Xilinx is also aiming to create a platform that will attract software developers to write applications for it. They’ll will be able to use C/C++, OpenCL and Python to build applications for ACAP, which also will be reprogrammable at the RTL level using FPGA tools, Peng said. The company already has been courting developers over the past several years with steps taken in conjunction with its FPGAs, including with its SDAccel and SDSoC developer environments, where people can code in C and C++ to OpenCL, working with third parties to provide libraries targeting particular applications and domains, and developing interfaces for industry-standard frameworks for workloads like machine learning, such as Caffe and TensorFlow. Right now there are many more developers writing for CPUs and GPUs, and Xilinx is hoping to change that, Peng said.
With ACAP, Xilinx will be introducing a new architecture that is, as Peng notes, “really aligned to a lot of these throughput computing, still-want-some-good-latency kind of applications, and it will be at a level of software programmability – in a lot of cases embedded software programmability – but it will also be hardware programmable,” he said. “The message here being we’re not just hardening IP blocks that someone else is developing or that your standard SoC would do. We are always looking at how we can leverage our expertise in hardware programmability to get something that provides another level of optimization beyond just software programmable blocks, where it makes sense.”

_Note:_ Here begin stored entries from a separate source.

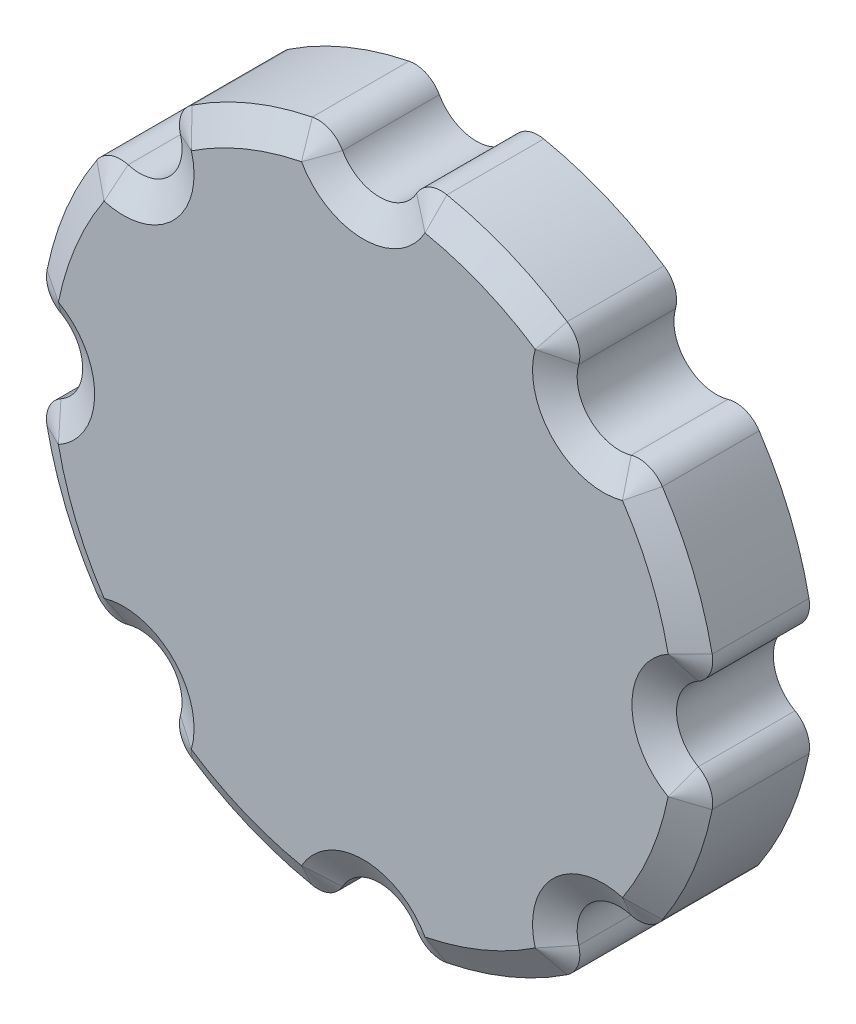
from build123d import *

# Parameters (mm, degrees)
SKETCH_1_R          = 2.75
SKETCH_1_R_2        = 1.5
EXTRUDE_1_DEPTH     = 1
SKETCH_2_R          = 6
EXTRUDE_2_DEPTH     = 2
SKETCH_3_R          = 0.75
CUT_EXTRUDE_1_DEPTH = 22
FILLET_1_R          = 0.5


with BuildPart() as part:
    # 草图1 → 凸台-拉伸1 (new body)
    with BuildSketch(Plane.XY):
        Circle(SKETCH_1_R)
        Circle(SKETCH_1_R_2, mode=Mode.SUBTRACT)
    extrude(amount=EXTRUDE_1_DEPTH)

    # 草图2 → 凸台-拉伸2 (add)
    with BuildSketch(Plane.XY.offset(1)):
        Circle(SKETCH_2_R)
    extrude(amount=EXTRUDE_2_DEPTH)

    # 草图3 → 切除-拉伸1 (cut)
    with BuildSketch(Plane.XY.offset(3)):
        with Locations((0, 6)):
            Circle(SKETCH_3_R)
        with Locations((4.242640687, 4.242640687)):
            Circle(SKETCH_3_R)
        with Locations((6, 0)):
            Circle(SKETCH_3_R)
        with Locations((4.242640687, -4.242640687)):
            Circle(SKETCH_3_R)
        with Locations((0, -6)):
            Circle(SKETCH_3_R)
        with Locations((-4.242640687, -4.242640687)):
            Circle(SKETCH_3_R)
        with Locations((-6, 0)):
            Circle(SKETCH_3_R)
        with Locations((-4.242640687, 4.242640687)):
            Circle(SKETCH_3_R)
    extrude(amount=-CUT_EXTRUDE_1_DEPTH, mode=Mode.SUBTRACT)

    # 圆角1
    fillet_1_edges = [part.edges().sort_by_distance(p)[0] for p in [
        (0.748533723, 5.953125, 2),
        (-0.748533723, 5.953125, 2),
        (4.738788328, 3.680201785, 2),
        (3.680201785, 4.738788328, 2),
        (5.953125, -0.748533723, 2),
        (5.953125, 0.748533723, 2),
        (3.680201785, -4.738788328, 2),
        (4.738788328, -3.680201785, 2),
        (-0.748533723, -5.953125, 2),
        (0.748533723, -5.953125, 2),
        (-4.738788328, -3.680201785, 2),
        (-3.680201785, -4.738788328, 2),
        (-5.953125, 0.748533723, 2),
        (-5.953125, -0.748533723, 2),
        (-3.680201785, 4.738788328, 2),
        (-4.738788328, 3.680201785, 2),
    ]]
    fillet(fillet_1_edges, radius=FILLET_1_R)

    # 倒角1
    # the kernel refuses this chamfer: 0.5, 0.288675135 mm, written as the material it takes off along each edge
    with BuildSketch(Plane(origin=(4.242640687, 4.242640687, 3), x_dir=(-0.9621057405727662, 0.27267662891588135, 0), z_dir=(0.27267662891588135, 0.9621057405727662, 0))) as chamfer_1_piece_1:
        with BuildLine():
            Line((1.267320508, 0.01), (0.732679492, -0.298675135))
            Line((0.732679492, -0.298675135), (0.722679492, -0.298675135))
            ThreePointArc((0.722679492, -0.298675135), (0.74, -0.149337567), (0.74, 0))
            Line((0.74, 0), (0.75, 0.01))
            ThreePointArc((0.75, 0.01), (1.008660254, 0.01), (1.267320508, 0.02))
            Line((1.267320508, 0.02), (1.267320508, 0.01))
        make_face()
    revolve(axis=Axis((4.242640687, 4.242640687, 3), (0, 0, 1)), revolution_arc=121.64720829, mode=Mode.SUBTRACT)
    with BuildSketch(Plane(origin=(0, 6, 3), x_dir=(-0.8731229867550157, -0.48750000000000077, 0), z_dir=(-0.48750000000000077, 0.8731229867550157, 0))) as chamfer_1_piece_2:
        with BuildLine():
            Line((1.267320508, 0.01), (0.732679492, -0.298675135))
            Line((0.732679492, -0.298675135), (0.722679492, -0.298675135))
            ThreePointArc((0.722679492, -0.298675135), (0.74, -0.149337567), (0.74, 0))
            Line((0.74, 0), (0.75, 0.01))
            ThreePointArc((0.75, 0.01), (1.008660254, 0.01), (1.267320508, 0.02))
            Line((1.267320508, 0.02), (1.267320508, 0.01))
        make_face()
    revolve(axis=Axis((0, 6, 3), (0, 0, 1)), revolution_arc=121.64720829, mode=Mode.SUBTRACT)
    with BuildSketch(Plane(origin=(0, 0, 3), x_dir=(-0.19843704244432184, 0.9801136363636364, 0), z_dir=(0.9801136363636364, 0.19843704244432184, 0))) as chamfer_1_piece_3:
        with BuildLine():
            Line((5.482679492, 0.01), (6.017320508, -0.298675135))
            Line((6.017320508, -0.298675135), (6.027320508, -0.298675135))
            ThreePointArc((6.027320508, -0.298675135), (6.01, -0.149337567), (6.01, 0))
            Line((6.01, 0), (6, 0.01))
            ThreePointArc((6, 0.01), (5.741339746, 0.01), (5.482679492, 0.02))
            Line((5.482679492, 0.02), (5.482679492, 0.01))
        make_face()
    revolve(axis=Axis((0, 0, 3), (0, 0, 1)), revolution_arc=22.108847212, mode=Mode.SUBTRACT)
    with BuildSketch(Plane(origin=(-4.242640687, 4.242640687, 3), x_dir=(0.9621057405727664, 0.27267662891588074, 0), z_dir=(-0.27267662891588074, 0.9621057405727664, 0))) as chamfer_1_piece_4:
        with BuildLine():
            Line((1.267320508, -0.01), (0.732679492, 0.298675135))
            Line((0.732679492, 0.298675135), (0.722679492, 0.298675135))
            ThreePointArc((0.722679492, 0.298675135), (0.74, 0.149337567), (0.74, 0))
            Line((0.74, 0), (0.75, -0.01))
            ThreePointArc((0.75, -0.01), (1.008660254, -0.01), (1.267320508, -0.02))
            Line((1.267320508, -0.02), (1.267320508, -0.01))
        make_face()
    revolve(axis=Axis((-4.242640687, 4.242640687, 3), (0, 0, -1)), revolution_arc=121.64720829, mode=Mode.SUBTRACT)
    with BuildSketch(Plane(origin=(0, 0, 3), x_dir=(-0.8333611769571161, 0.5527288202551504, 0), z_dir=(0.5527288202551504, 0.8333611769571161, 0))) as chamfer_1_piece_5:
        with BuildLine():
            Line((5.482679492, 0.01), (6.017320508, -0.298675135))
            Line((6.017320508, -0.298675135), (6.027320508, -0.298675135))
            ThreePointArc((6.027320508, -0.298675135), (6.01, -0.149337567), (6.01, 0))
            Line((6.01, 0), (6, 0.01))
            ThreePointArc((6, 0.01), (5.741339746, 0.01), (5.482679492, 0.02))
            Line((5.482679492, 0.02), (5.482679492, 0.01))
        make_face()
    revolve(axis=Axis((0, 0, 3), (0, 0, 1)), revolution_arc=22.108847212, mode=Mode.SUBTRACT)
    with BuildSketch(Plane(origin=(-6, 0, 3), x_dir=(0.48750000000000004, 0.873122986755016, 0), z_dir=(-0.873122986755016, 0.48750000000000004, 0))) as chamfer_1_piece_6:
        with BuildLine():
            Line((1.267320508, -0.01), (0.732679492, 0.298675135))
            Line((0.732679492, 0.298675135), (0.722679492, 0.298675135))
            ThreePointArc((0.722679492, 0.298675135), (0.74, 0.149337567), (0.74, 0))
            Line((0.74, 0), (0.75, -0.01))
            ThreePointArc((0.75, -0.01), (1.008660254, -0.01), (1.267320508, -0.02))
            Line((1.267320508, -0.02), (1.267320508, -0.01))
        make_face()
    revolve(axis=Axis((-6, 0, 3), (0, 0, -1)), revolution_arc=121.64720829, mode=Mode.SUBTRACT)
    with BuildSketch(Plane(origin=(0, 0, 3), x_dir=(-0.9801136363636364, -0.198437042444322, 0), z_dir=(-0.198437042444322, 0.9801136363636364, 0))) as chamfer_1_piece_7:
        with BuildLine():
            Line((5.482679492, 0.01), (6.017320508, -0.298675135))
            Line((6.017320508, -0.298675135), (6.027320508, -0.298675135))
            ThreePointArc((6.027320508, -0.298675135), (6.01, -0.149337567), (6.01, 0))
            Line((6.01, 0), (6, 0.01))
            ThreePointArc((6, 0.01), (5.741339746, 0.01), (5.482679492, 0.02))
            Line((5.482679492, 0.02), (5.482679492, 0.01))
        make_face()
    revolve(axis=Axis((0, 0, 3), (0, 0, 1)), revolution_arc=22.108847212, mode=Mode.SUBTRACT)
    with BuildSketch(Plane(origin=(-4.242640687, -4.242640687, 3), x_dir=(-0.27267662891588196, 0.962105740572766, 0), z_dir=(-0.962105740572766, -0.27267662891588196, 0))) as chamfer_1_piece_8:
        with BuildLine():
            Line((1.267320508, -0.01), (0.732679492, 0.298675135))
            Line((0.732679492, 0.298675135), (0.722679492, 0.298675135))
            ThreePointArc((0.722679492, 0.298675135), (0.74, 0.149337567), (0.74, 0))
            Line((0.74, 0), (0.75, -0.01))
            ThreePointArc((0.75, -0.01), (1.008660254, -0.01), (1.267320508, -0.02))
            Line((1.267320508, -0.02), (1.267320508, -0.01))
        make_face()
    revolve(axis=Axis((-4.242640687, -4.242640687, 3), (0, 0, -1)), revolution_arc=121.64720829, mode=Mode.SUBTRACT)
    with BuildSketch(Plane(origin=(0, 0, 3), x_dir=(-0.5527288202551508, -0.8333611769571158, 0), z_dir=(-0.8333611769571158, 0.5527288202551508, 0))) as chamfer_1_piece_9:
        with BuildLine():
            Line((5.482679492, 0.01), (6.017320508, -0.298675135))
            Line((6.017320508, -0.298675135), (6.027320508, -0.298675135))
            ThreePointArc((6.027320508, -0.298675135), (6.01, -0.149337567), (6.01, 0))
            Line((6.01, 0), (6, 0.01))
            ThreePointArc((6, 0.01), (5.741339746, 0.01), (5.482679492, 0.02))
            Line((5.482679492, 0.02), (5.482679492, 0.01))
        make_face()
    revolve(axis=Axis((0, 0, 3), (0, 0, 1)), revolution_arc=22.108847212, mode=Mode.SUBTRACT)
    with BuildSketch(Plane(origin=(0, -6, 3), x_dir=(0.8731229867550155, 0.48750000000000077, 0), z_dir=(0.48750000000000077, -0.8731229867550155, 0))) as chamfer_1_piece_10:
        with BuildLine():
            Line((1.267320508, 0.01), (0.732679492, -0.298675135))
            Line((0.732679492, -0.298675135), (0.722679492, -0.298675135))
            ThreePointArc((0.722679492, -0.298675135), (0.74, -0.149337567), (0.74, 0))
            Line((0.74, 0), (0.75, 0.01))
            ThreePointArc((0.75, 0.01), (1.008660254, 0.01), (1.267320508, 0.02))
            Line((1.267320508, 0.02), (1.267320508, 0.01))
        make_face()
    revolve(axis=Axis((0, -6, 3), (0, 0, 1)), revolution_arc=121.64720829, mode=Mode.SUBTRACT)
    with BuildSketch(Plane(origin=(0, 0, 3), x_dir=(0.1984370424443215, -0.9801136363636364, 0), z_dir=(-0.9801136363636364, -0.1984370424443215, 0))) as chamfer_1_piece_11:
        with BuildLine():
            Line((5.482679492, 0.01), (6.017320508, -0.298675135))
            Line((6.017320508, -0.298675135), (6.027320508, -0.298675135))
            ThreePointArc((6.027320508, -0.298675135), (6.01, -0.149337567), (6.01, 0))
            Line((6.01, 0), (6, 0.01))
            ThreePointArc((6, 0.01), (5.741339746, 0.01), (5.482679492, 0.02))
            Line((5.482679492, 0.02), (5.482679492, 0.01))
        make_face()
    revolve(axis=Axis((0, 0, 3), (0, 0, 1)), revolution_arc=22.108847212, mode=Mode.SUBTRACT)
    with BuildSketch(Plane(origin=(4.242640687, -4.242640687, 3), x_dir=(0.2726766289158815, 0.9621057405727662, 0), z_dir=(0.9621057405727662, -0.2726766289158815, 0))) as chamfer_1_piece_12:
        with BuildLine():
            Line((1.267320508, 0.01), (0.732679492, -0.298675135))
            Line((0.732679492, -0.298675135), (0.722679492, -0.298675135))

Xilinx put many of its chief architects and lead technologists onto the Everest project initially; now it has about 1,500 engineers working on it. The plan is to roll out multiple products that will include devices that will scale to 50 billion transistors. The company is making early software tools available to some customers now, and Everest will tape out later this year. Customer shipments will begin in 2019. The company said Everest will deliver 20 times the performance on deep neural networks of Xilinx’s current 16 nanometer Virtex VU9P FPGAs, and the Everest-based 5G remote radio heads will have four times the bandwidth of the latest 16 nanometer radios.
Peng said the rapid innovation and changes in the industry and the demands from AI, big data analytics and other emerging workloads will overwhelm traditional CPUs and GPUs and will demand greater adaptability from compute architectures.
“We’re in the era of exponential change and the speed of innovation is really outpacing silicon design cycles, so even while Moore’s Law is stretching out and being more difficult, even if we’re staying the same, people need to get to market with new innovations [and] new business models leveraging the data that’s being generated on an exponential basis is really going to outpace what you can do with silicon anyway,” he said.
“The world of CPU-centric computing is over. It’s well understood that the future of computing is going to be more of a heterogeneous architecture where there will be accelerators somewhere in the system or the datacenter. It’s as much driven by the nature of the workload and the exponential increase in that, as well as the fact that Moore’s Law really has been slowing down if not completely stopped working. It’s certainly has stopped working from an economic perspective, even though we know how to scale to the next process node, from an economic perspective that everything is getting better, faster, cheaper, that’s really not working anymore, and actually hasn’t been working for a few nodes. What that means is that in this new era, architecture will be heterogeneous with accelerators.”